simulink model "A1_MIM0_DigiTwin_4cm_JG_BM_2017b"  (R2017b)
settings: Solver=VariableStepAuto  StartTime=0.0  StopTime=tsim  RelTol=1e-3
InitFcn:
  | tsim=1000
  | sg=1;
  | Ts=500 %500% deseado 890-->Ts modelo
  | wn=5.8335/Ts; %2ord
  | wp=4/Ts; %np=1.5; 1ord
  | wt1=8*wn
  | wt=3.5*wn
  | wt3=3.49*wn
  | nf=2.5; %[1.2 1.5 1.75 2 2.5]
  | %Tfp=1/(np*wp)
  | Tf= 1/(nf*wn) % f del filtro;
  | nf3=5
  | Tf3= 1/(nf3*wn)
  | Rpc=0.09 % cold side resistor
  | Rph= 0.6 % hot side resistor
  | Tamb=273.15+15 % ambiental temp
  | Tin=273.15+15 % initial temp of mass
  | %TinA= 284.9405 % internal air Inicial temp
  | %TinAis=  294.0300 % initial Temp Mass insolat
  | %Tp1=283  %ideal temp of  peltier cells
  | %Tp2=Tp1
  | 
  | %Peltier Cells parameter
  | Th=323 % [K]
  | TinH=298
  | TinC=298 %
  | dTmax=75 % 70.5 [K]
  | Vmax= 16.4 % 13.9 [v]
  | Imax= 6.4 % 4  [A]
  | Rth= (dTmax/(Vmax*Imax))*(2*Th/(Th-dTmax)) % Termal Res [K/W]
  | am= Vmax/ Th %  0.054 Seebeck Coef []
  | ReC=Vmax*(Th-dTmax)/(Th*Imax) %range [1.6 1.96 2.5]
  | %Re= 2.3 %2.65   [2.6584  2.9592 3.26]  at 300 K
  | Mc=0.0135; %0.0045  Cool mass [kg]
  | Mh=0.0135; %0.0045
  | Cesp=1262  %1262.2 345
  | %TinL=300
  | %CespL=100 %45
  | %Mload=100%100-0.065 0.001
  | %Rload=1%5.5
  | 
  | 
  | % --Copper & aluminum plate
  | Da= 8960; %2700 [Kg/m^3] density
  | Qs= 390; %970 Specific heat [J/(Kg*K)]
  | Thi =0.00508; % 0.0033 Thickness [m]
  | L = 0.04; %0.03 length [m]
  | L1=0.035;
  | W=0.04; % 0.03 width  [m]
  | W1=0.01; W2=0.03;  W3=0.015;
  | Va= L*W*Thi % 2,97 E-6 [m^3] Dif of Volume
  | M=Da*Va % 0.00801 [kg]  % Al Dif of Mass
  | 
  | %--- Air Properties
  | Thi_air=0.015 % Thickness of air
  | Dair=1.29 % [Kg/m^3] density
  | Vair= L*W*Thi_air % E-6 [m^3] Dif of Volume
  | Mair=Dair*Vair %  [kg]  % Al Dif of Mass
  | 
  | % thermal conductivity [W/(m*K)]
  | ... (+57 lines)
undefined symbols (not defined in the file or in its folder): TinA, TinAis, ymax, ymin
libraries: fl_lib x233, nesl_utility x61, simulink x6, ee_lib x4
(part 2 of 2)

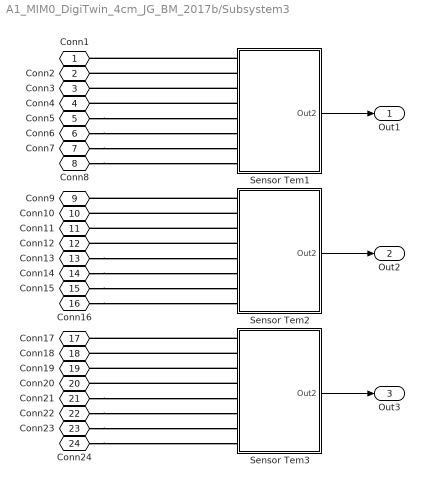
== system A1_MIM0_DigiTwin_4cm_JG_BM_2017b/Subsystem3 ==
  Sensor Tem1 : Subsystem
  Sensor Tem2 : Subsystem
  Sensor Tem3 : Subsystem
  Conn1 : PMIOPort  Side=Left
  Conn2 : PMIOPort  Port=2  Side=Left
  Conn3 : PMIOPort  Port=3  Side=Left
  Conn4 : PMIOPort  Port=4  Side=Left
  Conn5 : PMIOPort  Port=5  Side=Left
  Conn6 : PMIOPort  Port=6  Side=Left
  Conn7 : PMIOPort  Port=7  Side=Left
  Conn8 : PMIOPort  Port=8  Side=Left
  Conn9 : PMIOPort  Port=9  Side=Left
  Conn10 : PMIOPort  Port=10  Side=Left
  Conn11 : PMIOPort  Port=11  Side=Left
  Conn12 : PMIOPort  Port=12  Side=Left
  Conn13 : PMIOPort  Port=13  Side=Left
  Conn14 : PMIOPort  Port=14  Side=Left
  Conn15 : PMIOPort  Port=15  Side=Left
  Conn16 : PMIOPort  Port=16  Side=Left
  Conn17 : PMIOPort  Port=17  Side=Left
  Conn18 : PMIOPort  Port=18  Side=Left
  Conn19 : PMIOPort  Port=19  Side=Left
  Conn20 : PMIOPort  Port=20  Side=Left
  Conn21 : PMIOPort  Port=21  Side=Left
  Conn22 : PMIOPort  Port=22  Side=Left
  Conn23 : PMIOPort  Port=23  Side=Left
  Conn24 : PMIOPort  Port=24  Side=Left
  Out1 : Outport  VectorParamsAs1DForOutWhenUnconnected=off
  Out2 : Outport  Port=2  VectorParamsAs1DForOutWhenUnconnected=off
  Out3 : Outport  Port=3  VectorParamsAs1DForOutWhenUnconnected=off
  wires:
  Sensor Tem1/1(Out2) -> Out1/1
  Sensor Tem2/1(Out2) -> Out2/1
  Sensor Tem3/1(Out2) -> Out3/1
  connections:
  Sensor Tem1/LConn3 -- Conn3/RConn1
  Conn6/RConn1 -- Sensor Tem1/LConn6
  Conn7/RConn1 -- Sensor Tem1/LConn7
  Conn8/RConn1 -- Sensor Tem1/LConn8
  Sensor Tem1/LConn2 -- Conn2/RConn1
  Sensor Tem1/LConn4 -- Conn4/RConn1
  Conn5/RConn1 -- Sensor Tem1/LConn5
  Sensor Tem1/LConn1 -- Conn1/RConn1
  Conn13/RConn1 -- Sensor Tem2/LConn5
  Sensor Tem2/LConn4 -- Conn12/RConn1
  Conn16/RConn1 -- Sensor Tem2/LConn8
  Conn15/RConn1 -- Sensor Tem2/LConn7
  Sensor Tem2/LConn3 -- Conn11/RConn1
  Conn14/RConn1 -- Sensor Tem2/LConn6
  Sensor Tem2/LConn2 -- Conn10/RConn1
  Sensor Tem2/LConn1 -- Conn9/RConn1
  Conn21/RConn1 -- Sensor Tem3/LConn5
  Sensor Tem3/LConn4 -- Conn20/RConn1
  Conn24/RConn1 -- Sensor Tem3/LConn8
  Conn23/RConn1 -- Sensor Tem3/LConn7
  Conn22/RConn1 -- Sensor Tem3/LConn6
  Sensor Tem3/LConn3 -- Conn19/RConn1
  Sensor Tem3/LConn2 -- Conn18/RConn1
  Sensor Tem3/LConn1 -- Conn17/RConn1

== system A1_MIM0_DigiTwin_4cm_JG_BM_2017b/Subsystem4 ==
  PS-Simulink Converter1 : nesl_utility/PS-Simulink Converter  PhysicalDomain=network_engine_domain  SubClassName=ps_output  LeftPortType=input  RightPortType=output  PseudoPeriodic=off  Frequencies=[]  VectorFormat=1-D array  Unit=1  AffineConversion=off
  Temperature Sensor2 : fl_lib/Thermal/Thermal Sensors/Temperature Sensor
  Thermal Reference1 : fl_lib/Thermal/Thermal Elements/Thermal Reference
  Conn1 : PMIOPort  Side=Left
  Out1 : Outport  VectorParamsAs1DForOutWhenUnconnected=off
  wires:
  PS-Simulink Converter1/1 -> Out1/1
  connections:
  Thermal Reference1/LConn1 -- Temperature Sensor2/RConn1
  Temperature Sensor2/LConn1 -- Conn1/RConn1
  Temperature Sensor2/RConn2 -- PS-Simulink Converter1/LConn1

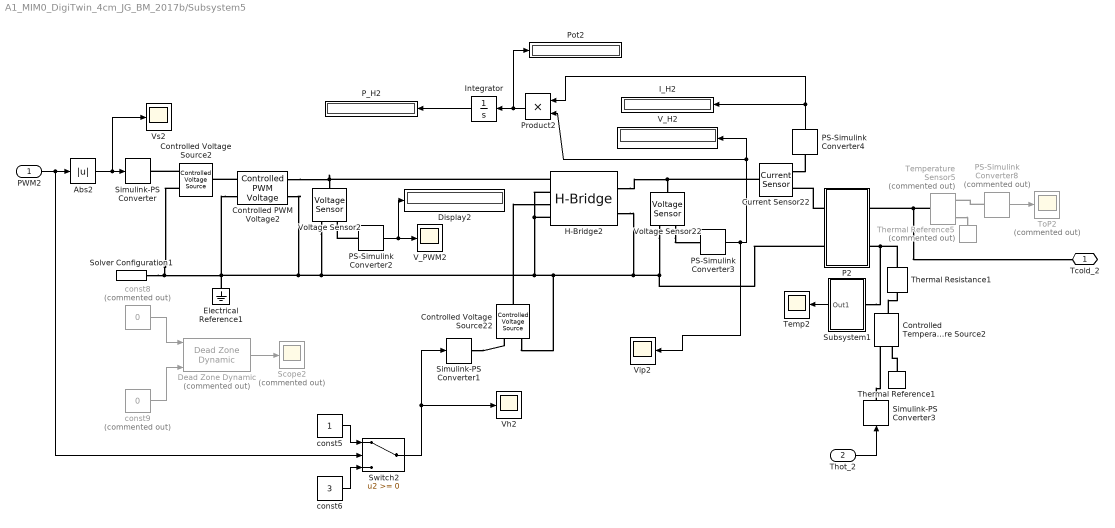
== system A1_MIM0_DigiTwin_4cm_JG_BM_2017b/Subsystem5 ==
  PWM2 : Inport
  Thot_2 : Inport  Port=2
  Abs2 : Abs
  Controlled Temperature Source2 : fl_lib/Thermal/Thermal Sources/Controlled Temperature Source
  Controlled PWM Voltage2 : ee_lib/Integrated Circuits/Controlled PWM Voltage  F=4000 Hz  TD=0 s  pulse_width_offset=0 s  pulse_min=0 s  pwm_or_av=2  event_type=1  sample_time=1e-6 s  Vmin=0 V  Vmax=5 V  Vm=5 V  u_min=0  u_max=1
  Controlled Voltage Source2 : fl_lib/Electrical/Electrical Sources/Controlled Voltage Source
  Controlled Voltage Source22 : fl_lib/Electrical/Electrical Sources/Controlled Voltage Source
  Current Sensor22 : fl_lib/Electrical/Electrical Sensors/Current Sensor
  Dead Zone Dynamic : simulink/Discontinuities/Dead Zone Dynamic  Commented=on
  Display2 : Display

◇ ◇ ◇ ◇ ◇ ◇ ◇

● DESCRIPTION OF THE TASK
Every line from the line containing "Conn4 : PMIOPort" through the line containing "Conn14/RConn1 -- Sensor Tem2/LConn6" in the records above must be retyped exactly. Leave out the rest.

● SOLUTION TO THIS EXERCISE
  Conn4 : PMIOPort  Port=4  Side=Left
  Conn5 : PMIOPort  Port=5  Side=Left
  Conn6 : PMIOPort  Port=6  Side=Left
  Conn7 : PMIOPort  Port=7  Side=Left
  Conn8 : PMIOPort  Port=8  Side=Left
  Conn9 : PMIOPort  Port=9  Side=Left
  Conn10 : PMIOPort  Port=10  Side=Left
  Conn11 : PMIOPort  Port=11  Side=Left
  Conn12 : PMIOPort  Port=12  Side=Left
  Conn13 : PMIOPort  Port=13  Side=Left
  Conn14 : PMIOPort  Port=14  Side=Left
  Conn15 : PMIOPort  Port=15  Side=Left
  Conn16 : PMIOPort  Port=16  Side=Left
  Conn17 : PMIOPort  Port=17  Side=Left
  Conn18 : PMIOPort  Port=18  Side=Left
  Conn19 : PMIOPort  Port=19  Side=Left
  Conn20 : PMIOPort  Port=20  Side=Left
  Conn21 : PMIOPort  Port=21  Side=Left
  Conn22 : PMIOPort  Port=22  Side=Left
  Conn23 : PMIOPort  Port=23  Side=Left
  Conn24 : PMIOPort  Port=24  Side=Left
  Out1 : Outport  VectorParamsAs1DForOutWhenUnconnected=off
  Out2 : Outport  Port=2  VectorParamsAs1DForOutWhenUnconnected=off
  Out3 : Outport  Port=3  VectorParamsAs1DForOutWhenUnconnected=off
  wires:
  Sensor Tem1/1(Out2) -> Out1/1
  Sensor Tem2/1(Out2) -> Out2/1
  Sensor Tem3/1(Out2) -> Out3/1
  connections:
  Sensor Tem1/LConn3 -- Conn3/RConn1
  Conn6/RConn1 -- Sensor Tem1/LConn6
  Conn7/RConn1 -- Sensor Tem1/LConn7
  Conn8/RConn1 -- Sensor Tem1/LConn8
  Sensor Tem1/LConn2 -- Conn2/RConn1
  Sensor Tem1/LConn4 -- Conn4/RConn1
  Conn5/RConn1 -- Sensor Tem1/LConn5
  Sensor Tem1/LConn1 -- Conn1/RConn1
  Conn13/RConn1 -- Sensor Tem2/LConn5
  Sensor Tem2/LConn4 -- Conn12/RConn1
  Conn16/RConn1 -- Sensor Tem2/LConn8
  Conn15/RConn1 -- Sensor Tem2/LConn7
  Sensor Tem2/LConn3 -- Conn11/RConn1
  Conn14/RConn1 -- Sensor Tem2/LConn6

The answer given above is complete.